Monday, January 7, 2019

Reaping the rewards of Egypt's reforms - PETROLEUM ECONOMIST

7 January 2019
David Butter

The Egyptian government is looking to 2019 as the year in which it will start to realise clear dividends from previously-enacted economic reforms. These have included changes to the petroleum regime that are already yielding benefits in the form of a rapid ramp-up in natural gas production. On the political front, one of the key issues will be whether President Abdel-Fattah el-Sisi prepares the ground to extend his mandate beyond 2022, when his second, and supposedly final, term is scheduled to end.

The $12bn IMF programme that commenced in November 2016 is now in its final year. The main elements have been putting in place a flexible exchange rate system, bringing down the fiscal deficit through increased taxation and cuts in energy subsidies, and seeking to improve the environment for private investment. The programme has also included social protection measures, in particular increases to food subsidies and the development of schemes targeting assistance at vulnerable groups.

The effects of the reforms, both positive and negative, have been evident in Egypt's main economic indicators. Real GDP growth has accelerated from 3–4pc to over 5pc, and the government is aiming for growth of 5.8pc in the fiscal year that ends in June 2019 and for 6.5pc the following year. These targets are achievable, partly thanks to the surge in gas output and the recovery of tourism, but the relatively weak rate of growth in private consumption is likely to persist, reflecting the pernicious impact of high inflation on living standards.


The devaluation of the Egyptian pound pushed inflation up to 30pc on average in 2017. The rate came down sharply in H1 2018, but rose to about 16pc on average during the second half of the year, largely as a result of the passing through of increases in prices of subsidised fuel and electricity. The government and the central bank are anxious for inflation to fall to single digits in 2019, which would open the way for cuts in interest rates.

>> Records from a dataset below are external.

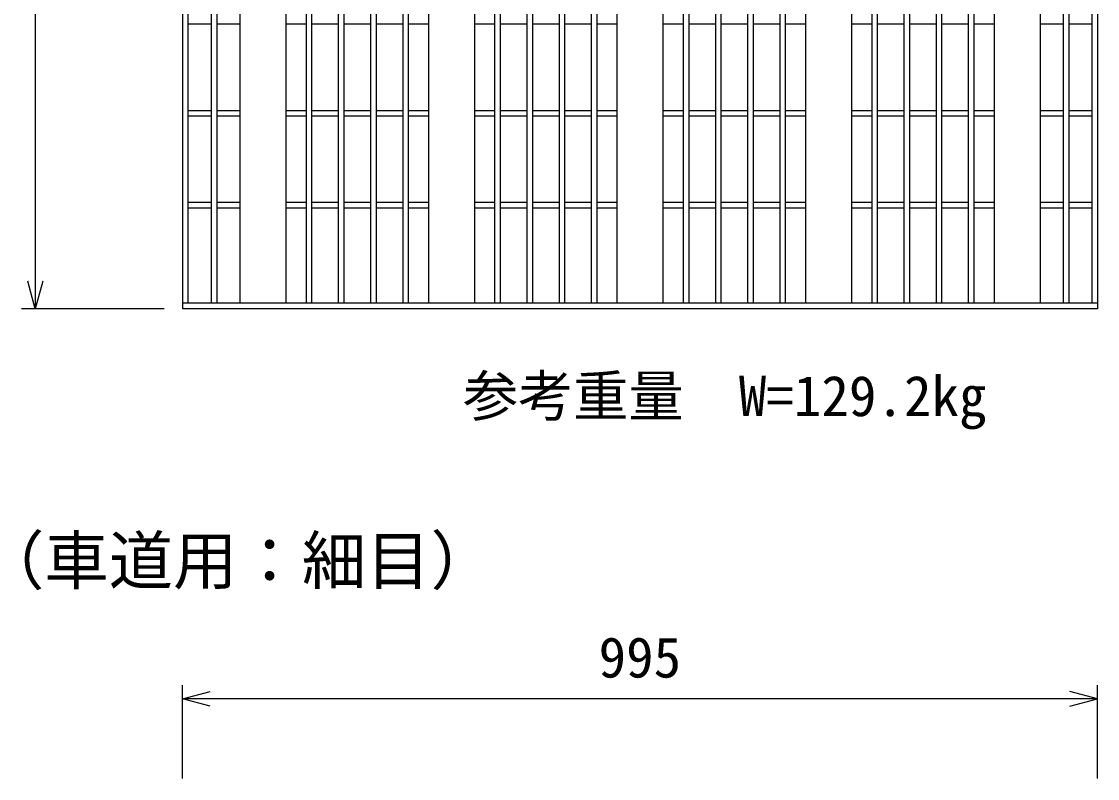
# Model space of a CAD drawing. Units: millimetres, scale not verified. Extents: x -16800 to 16800, y -5940 to 5940.
# Drawn here: x -3385 to -2215, y 1848 to 2671 of the extents above; entities that cross this region are included whole.
import ezdxf
from ezdxf.enums import TextEntityAlignment as Align

# ---------------------------------------------------------------- set-up
doc = ezdxf.new("R2010")
doc.units = ezdxf.units.MM
doc.header["$LTSCALE"] = 20
doc.layers.add('0-0_DIM', color=7, linetype='Continuous', lineweight=25)
doc.layers.add('0-2_HATCH', color=6, linetype='Continuous', lineweight=25)
doc.styles.add('ＭＳ ゴシック', font='')
doc.styles.get('ＭＳ ゴシック').set_extended_font_data('MS Gothic')

msp = doc.modelspace()

# ---------------------------------------------------------------- linework, layer by layer
at = {"layer": '0-0_DIM'}
for p, q in [((-3370.13, 3483.89), (-3370.13, 2358.89)), ((-3230.13, 2358.89), (-3385.13, 2358.89)), ((-3210.13, 1848.03), (-3210.13, 1949.61)), ((-2215.13, 1848.03), (-2215.13, 1949.61)), ((-2215.13, 1934.61), (-3210.13, 1934.61))]:
    msp.add_line(p, q, dxfattribs=at)
for points in [[(-3362.09, 2388.89), (-3370.13, 2358.89), (-3378.16, 2388.89)], [(-3180.13, 1926.58), (-3210.13, 1934.61), (-3180.13, 1942.65)], [(-2245.13, 1926.58), (-2215.13, 1934.61), (-2245.13, 1942.65)]]:
    msp.add_lwpolyline(points, dxfattribs=at)
at = {"layer": '0-2_HATCH'}
for p, q in [((-3210.13, 3483.89), (-3210.13, 2358.89)), ((-3204.13, 3477.89), (-3204.13, 2364.89)), ((-3178.88, 3477.89), (-3178.88, 2364.89)), ((-3172.88, 3477.89), (-3172.88, 2364.89)), ((-3147.63, 3477.89), (-3147.63, 2364.89)), ((-3097.63, 3477.89), (-3097.63, 2364.89)), ((-3075.63, 3477.89), (-3075.63, 2364.89)), ((-3069.63, 3477.89), (-3069.63, 2364.89)), ((-3040.63, 3477.89), (-3040.63, 2364.89)), ((-3034.63, 3477.89), (-3034.63, 2364.89)), ((-3005.63, 3477.89), (-3005.63, 2364.89)), ((-2999.63, 3477.89), (-2999.63, 2364.89)), ((-2970.63, 3477.89), (-2970.63, 2364.89)), ((-2964.63, 3477.89), (-2964.63, 2364.89)), ((-2942.63, 3477.89), (-2942.63, 2364.89)), ((-2892.63, 3477.89), (-2892.63, 2364.89)), ((-2870.63, 3477.89), (-2870.63, 2364.89)), ((-2864.63, 3477.89), (-2864.63, 2364.89)), ((-2835.63, 3477.89), (-2835.63, 2364.89)), ((-2829.63, 3477.89), (-2829.63, 2364.89)), ((-2800.63, 3477.89), (-2800.63, 2364.89)), ((-2794.63, 3477.89), (-2794.63, 2364.89)), ((-2765.63, 3477.89), (-2765.63, 2364.89)), ((-2759.63, 3477.89), (-2759.63, 2364.89)), ((-2737.63, 3477.89), (-2737.63, 2364.89)), ((-2687.63, 3477.89), (-2687.63, 2364.89)), ((-2665.63, 3477.89), (-2665.63, 2364.89)), ((-2659.63, 3477.89), (-2659.63, 2364.89)), ((-2630.63, 3477.89), (-2630.63, 2364.89)), ((-2624.63, 3477.89), (-2624.63, 2364.89)), ((-2595.63, 3477.89), (-2595.63, 2364.89)), ((-2589.63, 3477.89), (-2589.63, 2364.89)), ((-2560.63, 3477.89), (-2560.63, 2364.89)), ((-2554.63, 3477.89), (-2554.63, 2364.89)), ((-2532.63, 3477.89), (-2532.63, 2364.89)), ((-2482.63, 3477.89), (-2482.63, 2364.89)), ((-2460.63, 3477.89), (-2460.63, 2364.89)), ((-2454.63, 3477.89), (-2454.63, 2364.89)), ((-2425.63, 3477.89), (-2425.63, 2364.89)), ((-2419.63, 3477.89), (-2419.63, 2364.89)), ((-2390.63, 3477.89), (-2390.63, 2364.89)), ((-2384.63, 3477.89), (-2384.63, 2364.89)), ((-2355.63, 3477.89), (-2355.63, 2364.89)), ((-2349.63, 3477.89), (-2349.63, 2364.89)), ((-2327.63, 3477.89), (-2327.63, 2364.89)), ((-2277.63, 3477.89), (-2277.63, 2364.89)), ((-2252.38, 3477.89), (-2252.38, 2364.89)), ((-2246.38, 3477.89), (-2246.38, 2364.89)), ((-2221.13, 3477.89), (-2221.13, 2364.89)), ((-2215.13, 3483.89), (-2215.13, 2358.89)), ((-3178.88, 2668.39), (-3204.13, 2668.39)), ((-3147.63, 2668.39), (-3172.88, 2668.39)), ((-3075.63, 2668.39), (-3097.63, 2668.39)), ((-3040.63, 2668.39), (-3069.63, 2668.39)), ((-3005.63, 2668.39), (-3034.63, 2668.39)), ((-2970.63, 2668.39), (-2999.63, 2668.39)), ((-2942.63, 2668.39), (-2964.63, 2668.39)), ((-2870.63, 2668.39), (-2892.63, 2668.39)), ((-2835.63, 2668.39), (-2864.63, 2668.39)), ((-2800.63, 2668.39), (-2829.63, 2668.39)), ((-2765.63, 2668.39), (-2794.63, 2668.39)), ((-2737.63, 2668.39), (-2759.63, 2668.39)), ((-2665.63, 2668.39), (-2687.63, 2668.39)), ((-2630.63, 2668.39), (-2659.63, 2668.39)), ((-2595.63, 2668.39), (-2624.63, 2668.39)), ((-2560.63, 2668.39), (-2589.63, 2668.39)), ((-2532.63, 2668.39), (-2554.63, 2668.39)), ((-2460.63, 2668.39), (-2482.63, 2668.39)), ((-2425.63, 2668.39), (-2454.63, 2668.39)), ((-2390.63, 2668.39), (-2419.63, 2668.39)), ((-2355.63, 2668.39), (-2384.63, 2668.39)), ((-2327.63, 2668.39), (-2349.63, 2668.39)), ((-2252.38, 2668.39), (-2277.63, 2668.39)), ((-2221.13, 2668.39), (-2246.38, 2668.39)), ((-3178.88, 2574.39), (-3204.07, 2574.39)), ((-3147.63, 2574.39), (-3172.88, 2574.39)), ((-3075.63, 2574.39), (-3097.63, 2574.39)), ((-3040.63, 2574.39), (-3069.63, 2574.39)), ((-3005.63, 2574.39), (-3034.63, 2574.39)), ((-2970.63, 2574.39), (-2999.63, 2574.39)), ((-2942.63, 2574.39), (-2964.63, 2574.39)), ((-2870.63, 2574.39), (-2892.63, 2574.39)), ((-2835.63, 2574.39), (-2864.63, 2574.39)), ((-2800.63, 2574.39), (-2829.63, 2574.39)), ((-2765.63, 2574.39), (-2794.63, 2574.39)), ((-2737.63, 2574.39), (-2759.63, 2574.39)), ((-2665.63, 2574.39), (-2687.63, 2574.39)), ((-2630.63, 2574.39), (-2659.63, 2574.39)), ((-2595.63, 2574.39), (-2624.63, 2574.39)), ((-2560.63, 2574.39), (-2589.63, 2574.39)), ((-2532.63, 2574.39), (-2554.63, 2574.39)), ((-2460.63, 2574.39), (-2482.63, 2574.39)), ((-2425.63, 2574.39), (-2454.63, 2574.39)), ((-2390.63, 2574.39), (-2419.63, 2574.39)), ((-2355.63, 2574.39), (-2384.63, 2574.39)), ((-2327.63, 2574.39), (-2349.63, 2574.39)), ((-2252.38, 2574.39), (-2277.57, 2574.39)), ((-2221.13, 2574.39), (-2246.38, 2574.39)), ((-3178.88, 2568.39), (-3204.13, 2568.39)), ((-3147.63, 2568.39), (-3172.88, 2568.39)), ((-3075.63, 2568.39), (-3097.63, 2568.39)), ((-3040.63, 2568.39), (-3069.63, 2568.39)), ((-3005.63, 2568.39), (-3034.63, 2568.39)), ((-2970.63, 2568.39), (-2999.63, 2568.39)), ((-2942.63, 2568.39), (-2964.63, 2568.39)), ((-2870.63, 2568.39), (-2892.63, 2568.39)), ((-2835.63, 2568.39), (-2864.63, 2568.39)), ((-2800.63, 2568.39), (-2829.63, 2568.39)), ((-2765.63, 2568.39), (-2794.63, 2568.39)), ((-2737.63, 2568.39), (-2759.63, 2568.39)), ((-2665.63, 2568.39), (-2687.63, 2568.39)), ((-2630.63, 2568.39), (-2659.63, 2568.39)), ((-2595.63, 2568.39), (-2624.63, 2568.39)), ((-2560.63, 2568.39), (-2589.63, 2568.39)), ((-2532.63, 2568.39), (-2554.63, 2568.39)), ((-2460.63, 2568.39), (-2482.63, 2568.39)), ((-2425.63, 2568.39), (-2454.63, 2568.39)), ((-2390.63, 2568.39), (-2419.63, 2568.39)), ((-2355.63, 2568.39), (-2384.63, 2568.39)), ((-2327.63, 2568.39), (-2349.63, 2568.39)), ((-2252.38, 2568.39), (-2277.63, 2568.39)), ((-2221.13, 2568.39), (-2246.38, 2568.39)), ((-3178.88, 2474.39), (-3204.07, 2474.39)), ((-3147.63, 2474.39), (-3172.88, 2474.39)), ((-3075.63, 2474.39), (-3097.63, 2474.39)), ((-3040.63, 2474.39), (-3069.63, 2474.39)), ((-3005.63, 2474.39), (-3034.63, 2474.39)), ((-2970.63, 2474.39), (-2999.63, 2474.39)), ((-2942.63, 2474.39), (-2964.63, 2474.39)), ((-2870.63, 2474.39), (-2892.63, 2474.39)), ((-2835.63, 2474.39), (-2864.63, 2474.39)), ((-2800.63, 2474.39), (-2829.63, 2474.39)), ((-2765.63, 2474.39), (-2794.63, 2474.39)), ((-2737.63, 2474.39), (-2759.63, 2474.39)), ((-2665.63, 2474.39), (-2687.63, 2474.39)), ((-2630.63, 2474.39), (-2659.63, 2474.39)), ((-2595.63, 2474.39), (-2624.63, 2474.39)), ((-2560.63, 2474.39), (-2589.63, 2474.39)), ((-2532.63, 2474.39), (-2554.63, 2474.39)), ((-2460.63, 2474.39), (-2482.63, 2474.39)), ((-2425.63, 2474.39), (-2454.63, 2474.39)), ((-2390.63, 2474.39), (-2419.63, 2474.39)), ((-2355.63, 2474.39), (-2384.63, 2474.39)), ((-2327.63, 2474.39), (-2349.63, 2474.39)), ((-2252.38, 2474.39), (-2277.57, 2474.39)), ((-2221.13, 2474.39), (-2246.38, 2474.39)), ((-3178.88, 2468.39), (-3204.13, 2468.39)), ((-3147.63, 2468.39), (-3172.88, 2468.39)), ((-3075.63, 2468.39), (-3097.63, 2468.39)), ((-3040.63, 2468.39), (-3069.63, 2468.39)), ((-3005.63, 2468.39), (-3034.63, 2468.39)), ((-2970.63, 2468.39), (-2999.63, 2468.39)), ((-2942.63, 2468.39), (-2964.63, 2468.39)), ((-2870.63, 2468.39), (-2892.63, 2468.39)), ((-2835.63, 2468.39), (-2864.63, 2468.39)), ((-2800.63, 2468.39), (-2829.63, 2468.39)), ((-2765.63, 2468.39), (-2794.63, 2468.39)), ((-2737.63, 2468.39), (-2759.63, 2468.39)), ((-2665.63, 2468.39), (-2687.63, 2468.39)), ((-2630.63, 2468.39), (-2659.63, 2468.39)), ((-2595.63, 2468.39), (-2624.63, 2468.39)), ((-2560.63, 2468.39), (-2589.63, 2468.39)), ((-2532.63, 2468.39), (-2554.63, 2468.39)), ((-2460.63, 2468.39), (-2482.63, 2468.39)), ((-2425.63, 2468.39), (-2454.63, 2468.39)), ((-2390.63, 2468.39), (-2419.63, 2468.39)), ((-2355.63, 2468.39), (-2384.63, 2468.39)), ((-2327.63, 2468.39), (-2349.63, 2468.39)), ((-2252.38, 2468.39), (-2277.63, 2468.39)), ((-2221.13, 2468.39), (-2246.38, 2468.39)), ((-2215.13, 2364.89), (-3210.13, 2364.89)), ((-2215.13, 2358.89), (-3210.13, 2358.89))]:
    msp.add_line(p, q, dxfattribs=at)

# ---------------------------------------------------------------- texts
at = {"layer": '0-0_DIM', "style": 'ＭＳ ゴシック'}
for s, height, p in [('参考重量\u3000W=129.2kg', 43.99, (-2905.14, 2228.96)), ('（車道用：細目）', 51.32, (-3430.35, 2044.09)), ('995', 43.99, (-2757.63, 1944.61))]:
    msp.add_text(s, height=height, dxfattribs=at).set_placement(p, align=Align.BOTTOM_LEFT)

doc.saveas('drawing.dxf')

One of the clearest indicators of Egypt's improved economic position has been the rise in foreign exchange reserves and the fall in the current-account deficit. However, Egypt's external debt has also risen rapidly over the past three years, and is likely to reach $100bn in early 2019. The reduction in LNG imports, which have now been stopped altogether, has provided a $2bn boost to the trade account, and non-oil exports are also increasing, as the devaluation has provided a competitive advantage to Egyptian businesses. Tourism numbers are rising steadily as the effects of the 2015 terrorist attack on a Russian airliner fade, and Suez Canal revenue has risen, thanks partly to the expansion of the waterway, which allowed for more rapid transits. The devaluation has also been reflected in a significant increase in flows of remittances from workers in the Gulf—although there are growing concerns about the effects of moves by Saudi Arabia to reduce the numbers of expatriate workers.

There is a risk that the Egyptian pound could come under further pressure during 2019 as a result of the strength of the US dollar. During 2018, the currency weakened as part of the surge of inward portfolio investment that was attracted during the previous year was withdrawn. This could be offset by increased inflows of foreign direct investment, in particular into the oil and gas sector.

Egypt's natural gas production increased by about 20pc in 2018 to reach 60bn cm, and it is likely to rise by a similar margin in 2019 to at least 72bn cm as the Zohr field is ramped up to its long-term plateau level of just over 30bn cm/y. In early 2019 Eni is likely to announce the results of its initial exploration of the Nour block, to the east of Zohr. There are strong expectations that Nour will add significantly to Egypt's reserves, providing assurance of continued growth in total production over the next decade. Several new oil and gas blocks will be awarded from the two bids rounds held in 2018, and IOCs will be invited to take part in the first bid round in the Red Sea, for which enhanced contract terms will be on offer.


As gas production has increased so has consumption, but by the end of 2018 Egypt showed its first gas surplus since 2013. The pipeline to Jordan has been reopened, and is transporting the equivalent of about 2bn cm/y. Cargoes are being dispatched from the Idku LNG plant with greater frequency, although it will continue to operate well below capacity during 2019. The Damietta LNG plant could resume limited operation during the coming year, with the government's revenue share allocated to meet the compensation awarded to the foreign operators for its closure in 2012.